By Jonathan Mattise and Kimberlee Kruesi

Transgender youth in Tennessee would be banned from receiving gender-affirming care under legislation currently headed to the desk of Republican Gov. Bill Lee, who has voiced support for the bill.

House lawmakers voted 77-16 on Thursday, with three Democrats joining their Republican colleagues to pass the bill.

Civil rights groups have vowed an immediate lawsuit if and when the bill becomes law — setting up the potential for a lengthy legal battle over the coming months.

“These children do not need these medical procedures to be able to flourish as adults,” said House Majority Leader William Lamberth. “They need mental health treatment. They need love and support, and many of them need to be able to grow up to become the individuals that they were intended to be."

Across the United States, state lawmakers have introduced legislation attacking gender-affirming medical care for young people even as such services have been available in the U.S. for more than a decade and are endorsed by major medical associations.

Similar bills have advanced in Nebraska, Mississippi, Oklahoma and South Dakota. In Utah, the Republican governor recently signed a transgender medical ban into law. Meanwhile, a federal judge who blocked Arkansas’ ban on gender-affirming care for minors is now considering whether to strike down the law as unconstitutional. A similar ban in Alabama has also been temporarily blocked by a federal judge.

If enacted in Tennessee, doctors would be prohibited from providing gender-affirming care to anyone under the age of 18, including prescribing puberty blockers and hormones — and could even be penalized.

However, the legislation spells out exceptions, including allowing doctors to perform these medical services if the patient’s care had begun prior to July 1, 2023 — which is when the ban is proposed to go into effect. The bill then states that that care must end by March 31, 2024.

The bill then allows the attorney general to investigate health care providers who may violate the statute, which carries a $25,000 penalty.

“We have taken away a woman’s right to determine her health care and her health outcomes — and now we’ve gone to children,” said Democratic Rep. Gloria Johnson, referencing the state's strict abortion ban that was allowed to go into effect last year.

“If a doctor and a family feels that taking hormone blockers is going to be healthy and productive and life-saving for these children, that’s a decision that should be made,” she added.

Tennessee in particular has been caught in the center of the conflict over transgender youth medical care — ever since video surfaced on social media last year of a Nashville doctor touting that gender-affirming procedures are “huge money makers” for hospitals.

The video prompted calls by Tennessee’s Republican leaders for an investigation into Vanderbilt University Medical Center, but to date, it’s unknown if any authorities have done so. The private nonprofit hospital said it had provided only a handful of gender-affirming surgeries to minors over the years but has put a temporary pause on the procedures to review its policies.

On average, Vanderbilt University Medical Center says it provided five gender-affirming surgeries to minors every year since its transgender clinic opened in 2018. All were over the age of 16 and had parental consent, and none received genital procedures.

But not every red state has enacted such bans with gusto.

In Wyoming, a bill stalled in a legislative committee earlier this week amid worries that health insurers would run afoul of federal law by denying coverage for gender-conforming procedures.

The bill, which had passed the state Senate, failed 5-2 in a House committee after lawmakers removed the insurance coverage prohibition. To succeed now, it would need to be revived on the state House floor before a Monday deadline — a challenging prospect.

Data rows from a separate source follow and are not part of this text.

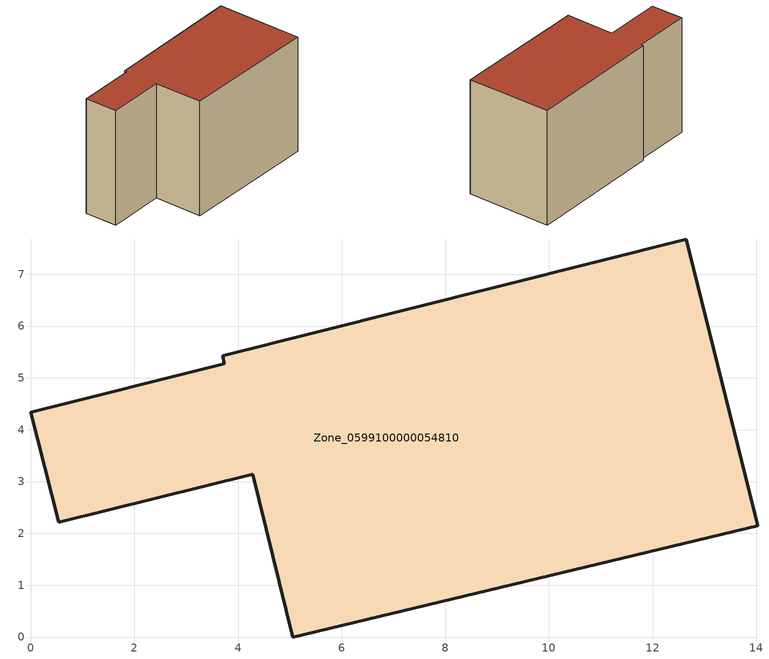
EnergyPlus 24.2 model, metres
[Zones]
Zone_0599100000054810
 floor ground (C_G): 4.28,3.14 0.54,2.21 0,4.34 3.73,5.27 3.7,5.43 12.65,7.68 14.03,2.15 5.06,0 z0
 wall outside (C_F): 14.03,2.15 12.65,7.68 3.7,5.43 3.73,5.27 0,4.34 0.54,2.21 4.28,3.14 5.06,0 14.03,2.15 z0:7.85
 roof outside (C_R): 0.54,2.21 4.28,3.14 5.06,0 14.03,2.15 12.65,7.68 3.7,5.43 3.73,5.27 0,4.34 z7.85
[BUILDING]
Pand.0599100000054810: North Axis=0; Terrain=City; Loads Convergence Tolerance Value=0.04; Temperature Convergence Tolerance Value=0.4; Solar Distribution=FullExterior; Maximum Number of Warmup Days=25; Minimum Number of Warmup Days=1
[Site:Location]
Rotterdam.The.Hague.AP_ZH_NLD Design_Conditions: Latitude=51.96; Longitude=4.45; Time Zone=1; Elevation=-4.5
[SITE:GROUNDTEMPERATURE:BUILDINGSURFACE]
18, 18, 18, 18, 18, 18, 18, 18, 18, 18, 18, 18
[MATERIAL] Thermal Absorptance=0.9; Solar Absorptance=0.7; Visible Absorptance=0.7
Name | Roughness | Thickness | Conductivity | Density | Specific Heat
G.TC.1975-1991 | MediumSmooth | 0.15 | 0.288461 | 540 | 1210
F.TC.1975-1991 | Rough | 0.3 | 0.230769 | 1920 | 840
R.TC.1975-1991 | MediumRough | 0.2 | 0.153846 | 1500 | 1000
[CONSTRUCTION]
C_G: G.TC.1975-1991
C_F: F.TC.1975-1991
C_R: R.TC.1975-1991
[ZONE]
Zone_0599100000054810: Type=1; Multiplier=1; Ceiling Height=Autocalculate; Volume=Autocalculate; Floor Area=autocalculate; Part of Total Floor Area=Yes
[ZONEINFILTRATION:DESIGNFLOWRATE]
Infil_Zone_0599100000054810: Zone or ZoneList or Space or SpaceList=Zone_0599100000054810; Schedule=AlwaysOn; Design Flow Rate Calculation Method=Flow/Area; Flow Rate per Floor Area=0.003; Constant Term Coefficient=1; Temperature Term Coefficient=0; Velocity Term Coefficient=0; Velocity Squared Term Coefficient=0
[HVACTEMPLATE:ZONE:IDEALLOADSAIRSYSTEM]
Zone_0599100000054810: Maximum Heating Supply Air Temperature=50; Minimum Cooling Supply Air Temperature=13; Maximum Heating Supply Air Humidity Ratio=0.0156; Minimum Cooling Supply Air Humidity Ratio=0.0077; Heating Limit=NoLimit; Cooling Limit=NoLimit; Dehumidification Control Type=ConstantSensibleHeatRatio; Cooling Sensible Heat Ratio=0.7; Dehumidification Setpoint=60; Humidification Control Type=None; Humidification Setpoint=30; Outdoor Air Method=None; Outdoor Air Flow Rate per Person=0.00944; Outdoor Air Flow Rate per Zone Floor Area=0; Outdoor Air Flow Rate per Zone=0; Demand Controlled Ventilation Type=None; Outdoor Air Economizer Type=NoEconomizer; Heat Recovery Type=None; Sensible Heat Recovery Effectiveness=0.7; Latent Heat Recovery Effectiveness=0.65
[ZONECONTROL:THERMOSTAT]
ThermostatControl_Zone_0599100000054810: Zone or ZoneList=Zone_0599100000054810; Control Type Schedule=DualSetpointControlType; Control 1=Thermostat_Zone_0599100000054810; Temperature Difference Between Cutout And Setpoint=0
[THERMOSTATSETPOINT:DUALSETPOINT]
Thermostat_Zone_0599100000054810: Heating Setpoint Temperature Schedule=HeatingSetpoint_Zone_0599100000054810; Cooling Setpoint Temperature Schedule=CoolingSetpoint_Zone_0599100000054810
[SCHEDULE:COMPACT]
HeatingSetpoint_Zone_0599100000054810: Through: 12/31, For: AllDays, Until: 24:00, 21
CoolingSetpoint_Zone_0599100000054810: Through: 12/31, For: AllDays, Until: 24:00, 24
DualSetpointControlType: Through: 12/31, For: AllDays, Until: 24:00, 4
AlwaysOn: Through: 12/31, For: AllDays, Until: 24:00, 1

Wyoming, despite having one of the most Republican-dominated legislatures, has a long tradition of skepticism toward culture war bills.

“It’s a bill that seeks to demonize, it’s a bill that already knows who its enemies are. And it’s not a bill that’s about solving a Wyoming problem,” Sara Burlingame, director of the LGBTQ+ advocacy group Wyoming Equality and a former state lawmaker herself, told the committee.

Meanwhile, Tennessee's House Republicans on Thursday also advanced legislation that would severely limit where drag shows can take place. A slightly different version had passed the GOP-led Senate chamber earlier this month, meaning lawmakers must wrestle out the difference before it can go to Gov. Lee's desk.

Similar to the gender-affirming medical youth care bill, Lee is expected to sign the legislation.

___

Associated Press writer Mead Gruver contributed to this report from Cheyenne, Wyoming.